That said, it's a little bit different. When you plan to buy something, the
advice of past buyers is really helpful. But when you read something, you
usually don't need other people advice to extract value from what you read.

------
intopieces
I used to think the magic fix for comment sections was linking them to a
concrete identity. Then I see pages where people post deliberately offensive
remarks with their name on it, and I decided that most websites don't need a
comments section. It seems to work better in smaller communities than the
entire Internet.

------
jane_is_here
At the Financial Times site, much of the value is comments by the readers,
many of whom are active in the industry.

------
TeMPOraL
That's interesting.
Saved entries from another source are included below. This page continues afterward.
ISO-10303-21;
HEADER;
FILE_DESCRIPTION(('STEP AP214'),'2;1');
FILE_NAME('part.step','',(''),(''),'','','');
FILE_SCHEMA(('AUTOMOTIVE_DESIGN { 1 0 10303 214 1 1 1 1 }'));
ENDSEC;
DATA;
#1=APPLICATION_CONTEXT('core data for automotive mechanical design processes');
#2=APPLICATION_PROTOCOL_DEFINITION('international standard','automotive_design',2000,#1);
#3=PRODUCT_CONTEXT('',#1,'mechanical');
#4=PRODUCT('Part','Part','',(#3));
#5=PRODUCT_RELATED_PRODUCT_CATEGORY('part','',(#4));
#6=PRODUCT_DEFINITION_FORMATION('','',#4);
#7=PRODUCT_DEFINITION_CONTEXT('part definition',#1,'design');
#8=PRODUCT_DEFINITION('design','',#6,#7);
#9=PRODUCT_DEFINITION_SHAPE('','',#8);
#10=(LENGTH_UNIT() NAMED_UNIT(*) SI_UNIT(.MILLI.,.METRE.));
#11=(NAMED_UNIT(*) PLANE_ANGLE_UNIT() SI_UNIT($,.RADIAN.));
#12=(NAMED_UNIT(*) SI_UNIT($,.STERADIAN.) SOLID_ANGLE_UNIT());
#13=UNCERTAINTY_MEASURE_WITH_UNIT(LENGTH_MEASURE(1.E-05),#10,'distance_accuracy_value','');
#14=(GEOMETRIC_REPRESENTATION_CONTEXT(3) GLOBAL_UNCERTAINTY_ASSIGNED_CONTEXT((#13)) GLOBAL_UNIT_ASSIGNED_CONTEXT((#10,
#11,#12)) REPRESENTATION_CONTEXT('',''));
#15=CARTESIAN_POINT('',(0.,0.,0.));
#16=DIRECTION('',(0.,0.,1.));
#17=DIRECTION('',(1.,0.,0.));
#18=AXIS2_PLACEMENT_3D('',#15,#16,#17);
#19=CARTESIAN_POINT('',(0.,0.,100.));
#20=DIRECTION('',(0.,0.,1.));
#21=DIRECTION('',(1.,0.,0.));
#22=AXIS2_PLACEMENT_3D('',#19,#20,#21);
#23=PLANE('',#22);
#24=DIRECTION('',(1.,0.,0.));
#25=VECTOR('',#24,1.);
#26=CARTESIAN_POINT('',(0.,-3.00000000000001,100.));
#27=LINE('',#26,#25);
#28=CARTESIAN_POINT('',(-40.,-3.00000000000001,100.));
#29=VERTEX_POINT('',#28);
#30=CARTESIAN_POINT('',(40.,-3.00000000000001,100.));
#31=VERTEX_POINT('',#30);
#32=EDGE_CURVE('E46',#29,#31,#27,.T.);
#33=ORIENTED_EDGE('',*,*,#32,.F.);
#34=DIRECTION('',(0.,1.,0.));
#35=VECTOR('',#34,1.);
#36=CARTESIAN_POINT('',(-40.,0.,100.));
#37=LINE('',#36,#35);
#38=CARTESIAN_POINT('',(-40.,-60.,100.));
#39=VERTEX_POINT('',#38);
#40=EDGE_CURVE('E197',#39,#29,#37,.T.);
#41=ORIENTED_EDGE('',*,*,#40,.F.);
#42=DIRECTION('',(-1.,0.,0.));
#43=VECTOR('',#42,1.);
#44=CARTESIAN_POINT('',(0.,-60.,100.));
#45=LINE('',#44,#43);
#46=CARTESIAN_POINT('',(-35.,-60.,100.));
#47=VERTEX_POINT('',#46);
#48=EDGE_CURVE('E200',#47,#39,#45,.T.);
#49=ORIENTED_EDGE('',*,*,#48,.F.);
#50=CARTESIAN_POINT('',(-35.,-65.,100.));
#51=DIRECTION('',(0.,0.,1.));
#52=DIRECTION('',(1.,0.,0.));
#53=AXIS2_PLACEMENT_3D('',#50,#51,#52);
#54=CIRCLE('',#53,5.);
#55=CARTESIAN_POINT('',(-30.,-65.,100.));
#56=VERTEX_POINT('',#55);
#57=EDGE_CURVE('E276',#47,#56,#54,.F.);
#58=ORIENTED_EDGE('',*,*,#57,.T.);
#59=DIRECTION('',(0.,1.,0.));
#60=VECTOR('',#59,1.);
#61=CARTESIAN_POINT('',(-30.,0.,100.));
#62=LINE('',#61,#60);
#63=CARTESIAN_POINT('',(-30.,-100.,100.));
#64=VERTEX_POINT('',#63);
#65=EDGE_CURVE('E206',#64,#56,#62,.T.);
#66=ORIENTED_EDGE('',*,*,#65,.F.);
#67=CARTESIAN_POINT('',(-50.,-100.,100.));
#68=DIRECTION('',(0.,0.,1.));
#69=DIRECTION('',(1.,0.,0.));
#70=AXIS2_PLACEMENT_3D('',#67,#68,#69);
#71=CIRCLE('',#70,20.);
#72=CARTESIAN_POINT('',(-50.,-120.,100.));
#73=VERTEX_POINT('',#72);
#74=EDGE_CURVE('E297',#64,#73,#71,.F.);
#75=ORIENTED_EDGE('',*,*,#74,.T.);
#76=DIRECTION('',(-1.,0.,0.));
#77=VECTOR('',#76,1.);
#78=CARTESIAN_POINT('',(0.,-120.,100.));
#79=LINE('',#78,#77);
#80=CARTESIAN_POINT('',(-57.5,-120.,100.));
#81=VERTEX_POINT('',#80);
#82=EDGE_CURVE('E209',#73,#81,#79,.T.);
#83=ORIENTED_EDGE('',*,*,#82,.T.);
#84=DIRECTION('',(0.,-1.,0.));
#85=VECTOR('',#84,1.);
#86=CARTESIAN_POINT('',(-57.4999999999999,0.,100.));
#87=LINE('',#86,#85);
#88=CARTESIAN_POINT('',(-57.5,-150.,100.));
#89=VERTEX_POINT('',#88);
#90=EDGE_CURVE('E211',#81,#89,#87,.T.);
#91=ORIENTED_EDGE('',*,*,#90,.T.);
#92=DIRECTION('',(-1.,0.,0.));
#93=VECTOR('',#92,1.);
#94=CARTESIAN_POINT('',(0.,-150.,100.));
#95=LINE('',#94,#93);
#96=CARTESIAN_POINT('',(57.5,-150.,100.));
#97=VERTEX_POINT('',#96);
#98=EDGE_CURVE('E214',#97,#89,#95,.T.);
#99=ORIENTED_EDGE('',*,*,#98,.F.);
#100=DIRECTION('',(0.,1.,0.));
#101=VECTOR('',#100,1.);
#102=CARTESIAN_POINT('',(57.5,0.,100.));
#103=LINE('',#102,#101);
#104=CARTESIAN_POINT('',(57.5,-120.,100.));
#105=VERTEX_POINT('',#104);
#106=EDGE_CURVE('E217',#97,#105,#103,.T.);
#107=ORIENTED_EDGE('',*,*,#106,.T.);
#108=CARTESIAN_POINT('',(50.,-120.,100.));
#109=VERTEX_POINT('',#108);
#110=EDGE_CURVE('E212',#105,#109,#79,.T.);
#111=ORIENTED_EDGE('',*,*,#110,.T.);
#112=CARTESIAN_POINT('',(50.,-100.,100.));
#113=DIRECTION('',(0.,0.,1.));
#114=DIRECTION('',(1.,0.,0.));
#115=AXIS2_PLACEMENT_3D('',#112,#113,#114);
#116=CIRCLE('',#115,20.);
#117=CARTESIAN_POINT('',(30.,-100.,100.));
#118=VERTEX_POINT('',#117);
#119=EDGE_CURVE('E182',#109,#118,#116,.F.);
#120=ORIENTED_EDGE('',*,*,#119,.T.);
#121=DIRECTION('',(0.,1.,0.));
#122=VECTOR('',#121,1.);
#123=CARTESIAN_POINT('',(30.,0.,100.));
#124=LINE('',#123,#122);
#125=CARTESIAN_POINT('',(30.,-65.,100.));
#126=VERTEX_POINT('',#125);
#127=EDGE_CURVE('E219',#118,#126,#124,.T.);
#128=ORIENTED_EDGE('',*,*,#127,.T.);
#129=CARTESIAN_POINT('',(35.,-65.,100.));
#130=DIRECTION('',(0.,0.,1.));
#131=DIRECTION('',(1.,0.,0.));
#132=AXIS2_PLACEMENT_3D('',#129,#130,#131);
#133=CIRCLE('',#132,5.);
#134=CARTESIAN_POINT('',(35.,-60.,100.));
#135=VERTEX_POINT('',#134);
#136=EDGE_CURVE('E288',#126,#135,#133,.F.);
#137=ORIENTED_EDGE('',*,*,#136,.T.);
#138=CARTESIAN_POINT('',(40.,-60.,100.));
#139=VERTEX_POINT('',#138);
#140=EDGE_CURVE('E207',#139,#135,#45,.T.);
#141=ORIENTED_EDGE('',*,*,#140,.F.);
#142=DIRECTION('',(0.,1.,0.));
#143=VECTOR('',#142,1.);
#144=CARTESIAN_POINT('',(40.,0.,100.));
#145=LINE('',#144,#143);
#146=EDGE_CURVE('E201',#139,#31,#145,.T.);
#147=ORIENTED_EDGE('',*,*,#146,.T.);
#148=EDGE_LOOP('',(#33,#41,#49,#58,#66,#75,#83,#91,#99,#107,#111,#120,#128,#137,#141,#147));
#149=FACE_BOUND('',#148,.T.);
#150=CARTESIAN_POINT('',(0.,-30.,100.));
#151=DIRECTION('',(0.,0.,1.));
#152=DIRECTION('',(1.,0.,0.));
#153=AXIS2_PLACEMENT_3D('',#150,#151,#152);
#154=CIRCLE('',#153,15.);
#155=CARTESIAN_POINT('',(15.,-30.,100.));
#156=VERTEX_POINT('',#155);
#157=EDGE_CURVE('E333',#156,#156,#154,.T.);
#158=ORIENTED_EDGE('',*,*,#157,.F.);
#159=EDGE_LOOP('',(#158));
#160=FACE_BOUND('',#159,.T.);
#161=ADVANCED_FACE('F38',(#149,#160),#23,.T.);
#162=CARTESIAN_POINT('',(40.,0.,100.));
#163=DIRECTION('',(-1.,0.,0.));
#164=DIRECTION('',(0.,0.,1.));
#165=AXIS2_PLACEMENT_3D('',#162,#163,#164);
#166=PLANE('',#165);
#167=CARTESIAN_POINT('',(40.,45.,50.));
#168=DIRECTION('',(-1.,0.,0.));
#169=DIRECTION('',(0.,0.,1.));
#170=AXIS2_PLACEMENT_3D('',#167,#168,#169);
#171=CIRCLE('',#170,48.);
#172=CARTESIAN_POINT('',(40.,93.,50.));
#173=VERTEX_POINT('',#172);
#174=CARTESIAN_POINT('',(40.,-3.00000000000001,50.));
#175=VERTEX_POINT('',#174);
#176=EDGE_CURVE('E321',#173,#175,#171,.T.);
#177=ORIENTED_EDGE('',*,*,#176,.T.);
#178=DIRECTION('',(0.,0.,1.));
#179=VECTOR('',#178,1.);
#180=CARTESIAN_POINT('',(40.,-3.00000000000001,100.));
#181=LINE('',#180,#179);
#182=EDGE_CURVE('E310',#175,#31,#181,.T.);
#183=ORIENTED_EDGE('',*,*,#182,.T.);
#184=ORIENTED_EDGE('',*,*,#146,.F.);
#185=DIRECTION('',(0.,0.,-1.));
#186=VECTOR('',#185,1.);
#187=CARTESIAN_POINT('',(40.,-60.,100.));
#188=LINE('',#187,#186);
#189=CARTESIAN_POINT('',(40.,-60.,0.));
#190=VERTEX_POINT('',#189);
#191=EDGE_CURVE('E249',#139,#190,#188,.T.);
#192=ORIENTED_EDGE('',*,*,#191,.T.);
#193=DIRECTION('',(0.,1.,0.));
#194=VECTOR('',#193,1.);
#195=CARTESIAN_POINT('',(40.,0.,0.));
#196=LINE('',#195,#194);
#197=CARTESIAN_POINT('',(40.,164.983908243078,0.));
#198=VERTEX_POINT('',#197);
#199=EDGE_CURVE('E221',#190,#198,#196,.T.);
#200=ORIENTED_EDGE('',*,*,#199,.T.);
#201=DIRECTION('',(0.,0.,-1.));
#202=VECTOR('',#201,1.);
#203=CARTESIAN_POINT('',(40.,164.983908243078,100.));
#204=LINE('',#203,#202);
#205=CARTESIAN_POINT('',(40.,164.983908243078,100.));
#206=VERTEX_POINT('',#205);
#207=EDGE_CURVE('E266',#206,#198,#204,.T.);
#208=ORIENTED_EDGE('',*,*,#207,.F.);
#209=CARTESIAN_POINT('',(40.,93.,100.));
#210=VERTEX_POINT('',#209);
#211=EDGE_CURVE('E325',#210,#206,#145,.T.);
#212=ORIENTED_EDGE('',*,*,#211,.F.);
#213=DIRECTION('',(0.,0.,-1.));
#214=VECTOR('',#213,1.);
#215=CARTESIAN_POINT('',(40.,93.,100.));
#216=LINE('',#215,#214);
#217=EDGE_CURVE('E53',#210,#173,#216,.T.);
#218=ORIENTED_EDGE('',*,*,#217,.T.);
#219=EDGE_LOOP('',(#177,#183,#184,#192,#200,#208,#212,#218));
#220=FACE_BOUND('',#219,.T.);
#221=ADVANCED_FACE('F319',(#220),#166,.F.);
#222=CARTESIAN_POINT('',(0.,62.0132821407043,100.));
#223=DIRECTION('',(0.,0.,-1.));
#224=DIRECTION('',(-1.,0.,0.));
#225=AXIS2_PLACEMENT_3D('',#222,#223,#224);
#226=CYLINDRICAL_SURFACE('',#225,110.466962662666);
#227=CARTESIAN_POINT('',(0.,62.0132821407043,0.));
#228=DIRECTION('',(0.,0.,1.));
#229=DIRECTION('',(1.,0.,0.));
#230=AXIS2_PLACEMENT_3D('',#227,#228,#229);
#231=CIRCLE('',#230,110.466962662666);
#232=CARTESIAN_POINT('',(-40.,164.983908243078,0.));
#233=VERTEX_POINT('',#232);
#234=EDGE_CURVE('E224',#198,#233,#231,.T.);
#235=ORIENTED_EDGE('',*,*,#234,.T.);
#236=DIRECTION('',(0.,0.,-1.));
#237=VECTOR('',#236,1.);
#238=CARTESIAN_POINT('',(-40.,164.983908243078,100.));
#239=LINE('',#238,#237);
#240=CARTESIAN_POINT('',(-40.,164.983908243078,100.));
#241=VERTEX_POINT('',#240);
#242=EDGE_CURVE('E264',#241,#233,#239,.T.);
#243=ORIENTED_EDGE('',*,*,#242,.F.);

What I've heard (arguably second-handedly, but still) is
that news sites purposefully troll in their own comments sections in order to
create a heated argument - which means more people interacting, viewing pages
and thus viewing the ads. What's changed?

------
pervycreeper
All of these isolated occurrences do not seem to add up to any kind of single
trend. Upvoted for instance funnels into reddit, which is a commenting board
par excellence. It wouldn't make sense to have comments on any kind of "reddit
Digest". There is a slightly disturbing trend involving sites which try to
push an agenda banning comments, but the choice of examples in this article
obscures that particular issue.

------
coldtea
> _While it’s too soon to say that comment sections are outright dying— there
> are plenty of major sites that still have comments, including WIRED—it’s
> safe to say there’s a trend towards replacing them with something else.
> Here’s a brief history of major publications pulling the plug on comments._

In other words: something that the most active readers of a website enjoy and
others can just ignore is taken out by online publications.

------
mynameishere
News outlets don't want their bullshit called out. Full stop.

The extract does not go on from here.